Way back in 2011, Netflix released a public advertisement with a contest for its viewers. They ran a game to see which person could come up with the best algorithm to predict user film evaluations, based on every user’s former film ranks.
To support this contest, Netflix released a data set that was anonymized. This contained over 100 million movie ratings from approximately 500,000 subscribers. Within the data set, each entry had a numeric identifier that was distinct to every subscriber. This entry also contained the details of every movie ranked, the date it was rated, and the rating of the subscriber.

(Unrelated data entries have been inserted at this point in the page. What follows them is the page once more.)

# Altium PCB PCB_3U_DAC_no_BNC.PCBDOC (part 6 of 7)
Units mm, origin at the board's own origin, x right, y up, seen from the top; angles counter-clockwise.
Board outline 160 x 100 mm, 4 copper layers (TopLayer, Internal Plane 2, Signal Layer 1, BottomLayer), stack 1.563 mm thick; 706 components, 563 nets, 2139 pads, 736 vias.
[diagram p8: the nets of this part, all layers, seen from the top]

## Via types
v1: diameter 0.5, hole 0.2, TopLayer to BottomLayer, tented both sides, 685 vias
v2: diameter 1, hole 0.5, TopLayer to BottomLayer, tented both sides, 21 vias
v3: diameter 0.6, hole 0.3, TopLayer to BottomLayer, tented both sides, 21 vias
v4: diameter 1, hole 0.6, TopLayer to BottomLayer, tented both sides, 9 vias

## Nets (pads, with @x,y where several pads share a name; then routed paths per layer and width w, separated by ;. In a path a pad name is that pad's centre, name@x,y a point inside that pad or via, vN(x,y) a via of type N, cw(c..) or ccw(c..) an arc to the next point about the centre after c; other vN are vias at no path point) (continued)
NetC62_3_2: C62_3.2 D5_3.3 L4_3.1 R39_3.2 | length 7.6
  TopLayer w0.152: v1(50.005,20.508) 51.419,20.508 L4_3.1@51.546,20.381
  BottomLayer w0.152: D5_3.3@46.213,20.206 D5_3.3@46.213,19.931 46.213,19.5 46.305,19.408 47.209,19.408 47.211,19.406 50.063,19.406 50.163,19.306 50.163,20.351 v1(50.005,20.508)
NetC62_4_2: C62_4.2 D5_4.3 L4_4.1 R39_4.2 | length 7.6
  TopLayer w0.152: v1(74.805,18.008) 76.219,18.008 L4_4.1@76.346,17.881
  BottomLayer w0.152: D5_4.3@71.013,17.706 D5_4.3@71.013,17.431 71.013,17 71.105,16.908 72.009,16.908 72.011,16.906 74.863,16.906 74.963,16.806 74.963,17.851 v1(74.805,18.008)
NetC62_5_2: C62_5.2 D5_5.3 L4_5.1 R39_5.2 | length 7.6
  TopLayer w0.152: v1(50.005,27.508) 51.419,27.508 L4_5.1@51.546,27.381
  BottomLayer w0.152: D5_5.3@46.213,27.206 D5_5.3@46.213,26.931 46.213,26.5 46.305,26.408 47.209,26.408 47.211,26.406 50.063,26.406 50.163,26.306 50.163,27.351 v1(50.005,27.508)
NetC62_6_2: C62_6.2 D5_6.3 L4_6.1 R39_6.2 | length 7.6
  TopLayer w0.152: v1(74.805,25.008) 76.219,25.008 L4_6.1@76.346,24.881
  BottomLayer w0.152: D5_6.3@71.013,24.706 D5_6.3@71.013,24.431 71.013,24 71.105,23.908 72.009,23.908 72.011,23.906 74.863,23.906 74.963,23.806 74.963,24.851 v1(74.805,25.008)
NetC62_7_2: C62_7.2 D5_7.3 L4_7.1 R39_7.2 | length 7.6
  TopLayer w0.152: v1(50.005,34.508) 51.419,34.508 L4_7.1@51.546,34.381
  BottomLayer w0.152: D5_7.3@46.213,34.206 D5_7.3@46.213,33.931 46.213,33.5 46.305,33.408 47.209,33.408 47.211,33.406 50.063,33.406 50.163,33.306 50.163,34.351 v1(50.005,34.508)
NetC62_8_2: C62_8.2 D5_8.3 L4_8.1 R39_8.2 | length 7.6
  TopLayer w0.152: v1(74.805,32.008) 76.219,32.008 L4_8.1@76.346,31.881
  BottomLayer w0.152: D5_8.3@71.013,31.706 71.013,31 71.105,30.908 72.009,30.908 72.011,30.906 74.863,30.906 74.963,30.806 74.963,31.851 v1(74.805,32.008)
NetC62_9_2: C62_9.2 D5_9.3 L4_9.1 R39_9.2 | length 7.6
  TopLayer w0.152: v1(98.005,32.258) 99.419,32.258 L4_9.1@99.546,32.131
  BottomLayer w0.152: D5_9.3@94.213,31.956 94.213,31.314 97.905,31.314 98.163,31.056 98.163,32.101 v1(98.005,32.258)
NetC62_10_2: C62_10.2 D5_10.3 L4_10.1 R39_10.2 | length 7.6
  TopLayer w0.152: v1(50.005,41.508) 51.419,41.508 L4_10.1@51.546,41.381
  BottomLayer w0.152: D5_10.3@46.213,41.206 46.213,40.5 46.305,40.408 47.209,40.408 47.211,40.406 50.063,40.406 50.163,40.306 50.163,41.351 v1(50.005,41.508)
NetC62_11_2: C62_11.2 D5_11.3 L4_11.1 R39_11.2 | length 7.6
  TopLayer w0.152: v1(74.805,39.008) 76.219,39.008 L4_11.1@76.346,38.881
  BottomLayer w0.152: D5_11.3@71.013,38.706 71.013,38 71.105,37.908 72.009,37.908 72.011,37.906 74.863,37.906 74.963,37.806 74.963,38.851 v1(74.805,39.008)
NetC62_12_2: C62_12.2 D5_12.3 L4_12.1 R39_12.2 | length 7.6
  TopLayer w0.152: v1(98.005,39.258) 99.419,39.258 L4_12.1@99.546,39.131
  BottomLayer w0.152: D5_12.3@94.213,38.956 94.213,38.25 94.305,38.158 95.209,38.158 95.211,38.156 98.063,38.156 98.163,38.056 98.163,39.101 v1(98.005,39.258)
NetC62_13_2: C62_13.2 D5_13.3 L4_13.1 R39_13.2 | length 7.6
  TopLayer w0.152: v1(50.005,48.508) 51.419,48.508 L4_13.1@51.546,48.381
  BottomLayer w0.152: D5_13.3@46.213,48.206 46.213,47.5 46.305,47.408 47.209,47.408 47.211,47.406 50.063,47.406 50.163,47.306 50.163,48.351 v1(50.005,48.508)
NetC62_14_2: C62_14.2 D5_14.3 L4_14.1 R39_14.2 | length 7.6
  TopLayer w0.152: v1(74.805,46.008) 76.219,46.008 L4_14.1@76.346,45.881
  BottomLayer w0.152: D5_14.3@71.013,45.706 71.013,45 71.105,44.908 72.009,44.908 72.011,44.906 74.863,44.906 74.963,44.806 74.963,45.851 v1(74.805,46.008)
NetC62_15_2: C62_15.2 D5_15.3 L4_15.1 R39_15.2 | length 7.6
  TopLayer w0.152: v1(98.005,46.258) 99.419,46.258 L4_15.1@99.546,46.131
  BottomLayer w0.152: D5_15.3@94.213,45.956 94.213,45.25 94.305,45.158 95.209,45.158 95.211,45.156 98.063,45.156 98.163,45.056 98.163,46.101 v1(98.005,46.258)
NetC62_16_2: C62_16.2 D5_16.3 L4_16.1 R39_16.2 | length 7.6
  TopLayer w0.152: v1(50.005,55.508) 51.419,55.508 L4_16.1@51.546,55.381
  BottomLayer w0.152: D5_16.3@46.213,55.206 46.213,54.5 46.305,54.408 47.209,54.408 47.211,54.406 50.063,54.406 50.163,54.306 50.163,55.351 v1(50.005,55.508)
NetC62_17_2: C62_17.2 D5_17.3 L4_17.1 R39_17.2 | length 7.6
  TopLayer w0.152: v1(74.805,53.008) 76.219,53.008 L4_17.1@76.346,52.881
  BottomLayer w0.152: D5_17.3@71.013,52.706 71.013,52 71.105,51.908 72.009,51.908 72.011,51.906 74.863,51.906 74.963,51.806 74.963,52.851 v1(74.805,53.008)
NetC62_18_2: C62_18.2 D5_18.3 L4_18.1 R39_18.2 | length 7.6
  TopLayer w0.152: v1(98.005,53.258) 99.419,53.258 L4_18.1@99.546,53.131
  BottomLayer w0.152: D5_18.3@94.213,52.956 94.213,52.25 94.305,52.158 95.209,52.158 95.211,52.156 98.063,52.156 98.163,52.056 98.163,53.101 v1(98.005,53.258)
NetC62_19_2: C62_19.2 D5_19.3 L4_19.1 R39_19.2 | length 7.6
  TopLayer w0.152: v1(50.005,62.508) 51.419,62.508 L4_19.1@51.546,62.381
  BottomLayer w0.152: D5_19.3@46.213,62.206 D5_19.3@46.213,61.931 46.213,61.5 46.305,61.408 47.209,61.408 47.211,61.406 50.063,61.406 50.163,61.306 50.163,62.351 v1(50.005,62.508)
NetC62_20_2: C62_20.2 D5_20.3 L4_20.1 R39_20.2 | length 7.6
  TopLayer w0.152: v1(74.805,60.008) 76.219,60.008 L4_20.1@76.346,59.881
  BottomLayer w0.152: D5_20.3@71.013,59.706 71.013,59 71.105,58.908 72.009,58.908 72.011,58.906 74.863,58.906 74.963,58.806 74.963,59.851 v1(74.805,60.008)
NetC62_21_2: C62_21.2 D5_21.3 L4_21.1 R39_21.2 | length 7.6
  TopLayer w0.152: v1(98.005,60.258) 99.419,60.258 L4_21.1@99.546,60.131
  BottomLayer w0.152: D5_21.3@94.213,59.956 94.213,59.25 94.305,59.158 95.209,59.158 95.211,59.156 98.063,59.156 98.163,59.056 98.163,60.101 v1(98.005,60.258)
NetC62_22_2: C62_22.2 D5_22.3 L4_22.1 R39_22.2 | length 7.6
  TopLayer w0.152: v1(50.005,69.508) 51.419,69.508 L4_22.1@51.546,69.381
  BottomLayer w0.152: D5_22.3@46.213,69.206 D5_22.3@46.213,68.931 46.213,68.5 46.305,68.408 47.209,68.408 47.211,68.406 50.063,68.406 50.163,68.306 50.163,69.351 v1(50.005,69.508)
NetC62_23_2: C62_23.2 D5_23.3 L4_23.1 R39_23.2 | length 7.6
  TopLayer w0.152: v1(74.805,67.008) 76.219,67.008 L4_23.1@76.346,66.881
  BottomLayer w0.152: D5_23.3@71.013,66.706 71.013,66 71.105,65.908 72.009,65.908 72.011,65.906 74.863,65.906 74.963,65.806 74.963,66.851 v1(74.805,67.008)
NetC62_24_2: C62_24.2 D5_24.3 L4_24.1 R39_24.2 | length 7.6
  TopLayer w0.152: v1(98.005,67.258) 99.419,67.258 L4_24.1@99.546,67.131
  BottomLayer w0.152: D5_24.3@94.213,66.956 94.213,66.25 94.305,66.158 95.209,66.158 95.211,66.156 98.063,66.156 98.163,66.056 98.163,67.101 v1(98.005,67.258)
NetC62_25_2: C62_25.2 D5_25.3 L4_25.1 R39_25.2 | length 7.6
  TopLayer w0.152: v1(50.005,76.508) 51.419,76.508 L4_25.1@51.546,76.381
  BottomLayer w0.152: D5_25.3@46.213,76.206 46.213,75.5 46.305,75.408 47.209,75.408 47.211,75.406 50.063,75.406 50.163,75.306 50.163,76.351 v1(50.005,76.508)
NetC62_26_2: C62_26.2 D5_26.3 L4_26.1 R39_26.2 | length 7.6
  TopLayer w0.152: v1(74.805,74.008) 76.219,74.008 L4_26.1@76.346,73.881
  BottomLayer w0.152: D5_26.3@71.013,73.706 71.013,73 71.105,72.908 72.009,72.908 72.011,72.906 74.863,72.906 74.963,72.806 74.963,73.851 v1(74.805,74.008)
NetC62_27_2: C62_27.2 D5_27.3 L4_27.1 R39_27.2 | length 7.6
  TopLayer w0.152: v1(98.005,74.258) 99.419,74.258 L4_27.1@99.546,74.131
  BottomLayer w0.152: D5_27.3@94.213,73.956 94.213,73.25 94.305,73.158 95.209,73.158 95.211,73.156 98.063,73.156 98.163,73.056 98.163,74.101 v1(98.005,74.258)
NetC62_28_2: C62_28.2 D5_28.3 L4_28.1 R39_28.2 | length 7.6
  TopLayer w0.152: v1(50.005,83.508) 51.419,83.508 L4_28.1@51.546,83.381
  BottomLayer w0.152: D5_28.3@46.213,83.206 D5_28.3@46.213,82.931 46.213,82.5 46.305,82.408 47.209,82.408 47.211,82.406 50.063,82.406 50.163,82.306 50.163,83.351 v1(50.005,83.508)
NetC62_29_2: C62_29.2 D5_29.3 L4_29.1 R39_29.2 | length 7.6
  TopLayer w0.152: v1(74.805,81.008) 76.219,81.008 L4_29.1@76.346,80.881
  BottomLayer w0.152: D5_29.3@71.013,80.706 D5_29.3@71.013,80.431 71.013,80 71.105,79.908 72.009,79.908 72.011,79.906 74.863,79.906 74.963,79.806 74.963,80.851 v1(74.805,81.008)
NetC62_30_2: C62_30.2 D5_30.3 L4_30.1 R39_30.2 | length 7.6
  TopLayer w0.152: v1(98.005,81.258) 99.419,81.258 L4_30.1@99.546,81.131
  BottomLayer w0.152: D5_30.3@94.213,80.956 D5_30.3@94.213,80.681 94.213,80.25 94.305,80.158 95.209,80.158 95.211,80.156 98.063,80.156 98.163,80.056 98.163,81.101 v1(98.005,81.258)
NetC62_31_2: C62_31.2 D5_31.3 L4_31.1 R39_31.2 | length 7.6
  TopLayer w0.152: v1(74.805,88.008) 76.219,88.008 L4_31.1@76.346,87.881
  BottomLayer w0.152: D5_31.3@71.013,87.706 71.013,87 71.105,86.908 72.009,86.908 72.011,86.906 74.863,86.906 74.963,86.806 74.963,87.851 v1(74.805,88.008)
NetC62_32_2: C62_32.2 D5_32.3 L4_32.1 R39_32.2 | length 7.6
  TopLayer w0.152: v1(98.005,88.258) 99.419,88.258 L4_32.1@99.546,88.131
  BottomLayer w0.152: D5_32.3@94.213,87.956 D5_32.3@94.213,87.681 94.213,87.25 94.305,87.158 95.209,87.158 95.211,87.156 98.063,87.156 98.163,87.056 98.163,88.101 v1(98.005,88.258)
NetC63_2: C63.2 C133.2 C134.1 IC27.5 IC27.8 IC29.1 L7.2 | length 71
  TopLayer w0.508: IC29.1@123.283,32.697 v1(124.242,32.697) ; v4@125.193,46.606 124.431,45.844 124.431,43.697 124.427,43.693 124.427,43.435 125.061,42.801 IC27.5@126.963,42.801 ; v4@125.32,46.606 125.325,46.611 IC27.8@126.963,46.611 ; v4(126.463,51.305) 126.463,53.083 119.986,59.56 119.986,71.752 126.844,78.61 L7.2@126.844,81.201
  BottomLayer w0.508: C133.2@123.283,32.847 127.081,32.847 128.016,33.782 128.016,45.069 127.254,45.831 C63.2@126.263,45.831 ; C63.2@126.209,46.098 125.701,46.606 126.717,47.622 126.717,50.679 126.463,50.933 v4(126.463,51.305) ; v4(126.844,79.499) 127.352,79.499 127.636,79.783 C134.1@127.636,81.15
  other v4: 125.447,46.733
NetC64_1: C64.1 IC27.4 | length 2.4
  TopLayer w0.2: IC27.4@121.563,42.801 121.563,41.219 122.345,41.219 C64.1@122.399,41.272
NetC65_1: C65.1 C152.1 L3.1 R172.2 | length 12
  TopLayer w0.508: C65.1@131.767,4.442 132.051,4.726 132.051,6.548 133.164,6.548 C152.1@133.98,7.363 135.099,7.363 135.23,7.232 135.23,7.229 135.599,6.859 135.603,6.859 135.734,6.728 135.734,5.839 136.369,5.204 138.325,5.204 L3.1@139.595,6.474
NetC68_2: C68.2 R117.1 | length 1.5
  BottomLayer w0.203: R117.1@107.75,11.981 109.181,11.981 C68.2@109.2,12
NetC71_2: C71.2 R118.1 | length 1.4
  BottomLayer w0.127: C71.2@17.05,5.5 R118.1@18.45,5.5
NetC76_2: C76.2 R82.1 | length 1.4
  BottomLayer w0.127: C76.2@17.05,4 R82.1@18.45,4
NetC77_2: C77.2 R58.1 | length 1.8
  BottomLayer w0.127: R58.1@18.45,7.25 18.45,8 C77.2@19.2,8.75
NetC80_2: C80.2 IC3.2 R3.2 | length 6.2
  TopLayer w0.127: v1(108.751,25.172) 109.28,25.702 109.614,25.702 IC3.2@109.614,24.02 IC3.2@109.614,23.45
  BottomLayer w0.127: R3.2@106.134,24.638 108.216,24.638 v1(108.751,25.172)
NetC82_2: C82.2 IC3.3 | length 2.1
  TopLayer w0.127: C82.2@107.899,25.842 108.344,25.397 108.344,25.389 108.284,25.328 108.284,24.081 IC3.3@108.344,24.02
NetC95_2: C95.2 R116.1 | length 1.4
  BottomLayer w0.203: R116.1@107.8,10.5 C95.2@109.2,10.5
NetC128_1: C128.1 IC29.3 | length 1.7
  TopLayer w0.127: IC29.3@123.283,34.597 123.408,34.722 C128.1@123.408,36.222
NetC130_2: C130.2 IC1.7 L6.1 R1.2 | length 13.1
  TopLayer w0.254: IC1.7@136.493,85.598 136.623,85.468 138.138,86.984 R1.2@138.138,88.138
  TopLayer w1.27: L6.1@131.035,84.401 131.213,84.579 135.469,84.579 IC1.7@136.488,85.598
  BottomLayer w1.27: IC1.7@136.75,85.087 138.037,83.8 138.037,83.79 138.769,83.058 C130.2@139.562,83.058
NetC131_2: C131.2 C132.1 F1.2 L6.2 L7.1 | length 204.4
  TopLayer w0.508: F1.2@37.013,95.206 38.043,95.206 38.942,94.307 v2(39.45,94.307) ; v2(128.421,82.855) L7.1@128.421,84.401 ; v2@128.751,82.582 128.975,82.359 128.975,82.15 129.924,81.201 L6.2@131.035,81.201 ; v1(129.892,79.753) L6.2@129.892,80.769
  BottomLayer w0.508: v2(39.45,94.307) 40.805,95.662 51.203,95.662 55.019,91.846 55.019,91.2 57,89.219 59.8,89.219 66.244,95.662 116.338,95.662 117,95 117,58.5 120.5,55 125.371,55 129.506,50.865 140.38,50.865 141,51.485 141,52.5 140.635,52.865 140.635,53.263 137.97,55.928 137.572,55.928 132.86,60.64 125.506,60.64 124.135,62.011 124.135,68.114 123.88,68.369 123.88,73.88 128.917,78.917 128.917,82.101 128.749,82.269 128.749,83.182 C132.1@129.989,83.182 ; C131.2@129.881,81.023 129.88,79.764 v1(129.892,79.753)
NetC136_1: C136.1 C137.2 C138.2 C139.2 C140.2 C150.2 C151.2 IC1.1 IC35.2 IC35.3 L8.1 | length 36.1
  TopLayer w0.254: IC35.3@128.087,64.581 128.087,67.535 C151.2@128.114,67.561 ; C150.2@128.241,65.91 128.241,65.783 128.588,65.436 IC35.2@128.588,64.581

In all this, while the contest was underway, two researchers were not particularly interested in predicting film ratings, but they had their eye on data privacy. They began to analyze the data set released by Netflix and revealed that they could re-identify users by connecting the entries to a tiny specimen of readily available data from the IMDb website. As proof, these researchers identified two specific Netflix subscribers and connected the movie review data with available IMDb ratings online. Given the terms of service at IMDb, these researchers only employed a tiny subset of online public reviews. So, based on the dates and the movie review content, these researchers managed to relate two IMDb reviewers who also appeared in the Netflix data set and identified them based on their profiles on IMDb.
Among them, one IMDb reviewer initiated a class action lawsuit against Netflix, whose movie rating history was revealed in the Netflix prize data set. She claimed, that if her personal orientation were to be made known, it would detrimentally impact her ability to continue earning a living and support her family while hindering her family’s ability to live amicable lives. This ineffective anonymity led Netflix to learn the hard way of lawsuits, public relation crises and data exposure. The lawsuit revealed that the concept of an individual’s movie-watching history could expose far more than just the individual’s entertainment choices. For instance, a Netflix member’s movie information could display the subscriber’s personal credentials such as political connections, religion and even sexuality. This information could further expose a subscriber’s struggles with personal issues and substance abuse if any. Under pressure from legal courts and the public at large, Netflix finally settled a lawsuit and stopped the contest.
Companies that store billions of amounts of data regarding millions of consumers can have access to mammoth databases. These databases help facilitate the anonymization and linkage of varied data sets. In fact, data companies that continually linked data sets purchased or collected from various sources offer customized products that can connect online consumers with their off-line activities. These companies could also buy anonymized data sets from multiple places and use automatic tools to link the dots if it fits their business requirements.
And given the massive potential to make profits and gain efficiencies, companies of all kinds, sizes and types are amassing data at a rapid pace. From handwritten notes converted to electronic data and databases and file cabinets emptied into electronic records, organizations are now freed from the physical constraints of print documents. Given the capacity to store more data online and in the cloud, they are now free to analyze the data at hand, while instantly able to retrieve data in milliseconds, unlike in the past.
And as data is becoming more usable, with an instant transfer, the development of structured data formats and digitalization is now making it effortless for people to share and publish data, that is further leading to a broader proliferation and the evolution of data markets.
But how does this translate into data security? In the quest to accumulate more data, what are organizations doing to protect them while such data is in storage or during transit? In the light of data breaches taking place almost every single day, what systematic approaches can companies take to protect documents containing sensitive and confidential information and digital media?
Digital rights management (DRM) is a proven digital security tool that enables creators or publishers of confidential documents, in Word and PDF files, to control what their users or viewers can do with the documents they are entitled to view. By preventing unauthorized redistribution of documents and digital media and restricting the way a user can use the content they have been permitted to view, digital rights management can make it very difficult to alter or steal content, thus providing an efficient approach to the many hit and miss strategies that various DLP tools try to address. Document DRM enables organizations to maintain tight control over their commercially sensitive data while enabling documents to be securely shared with others.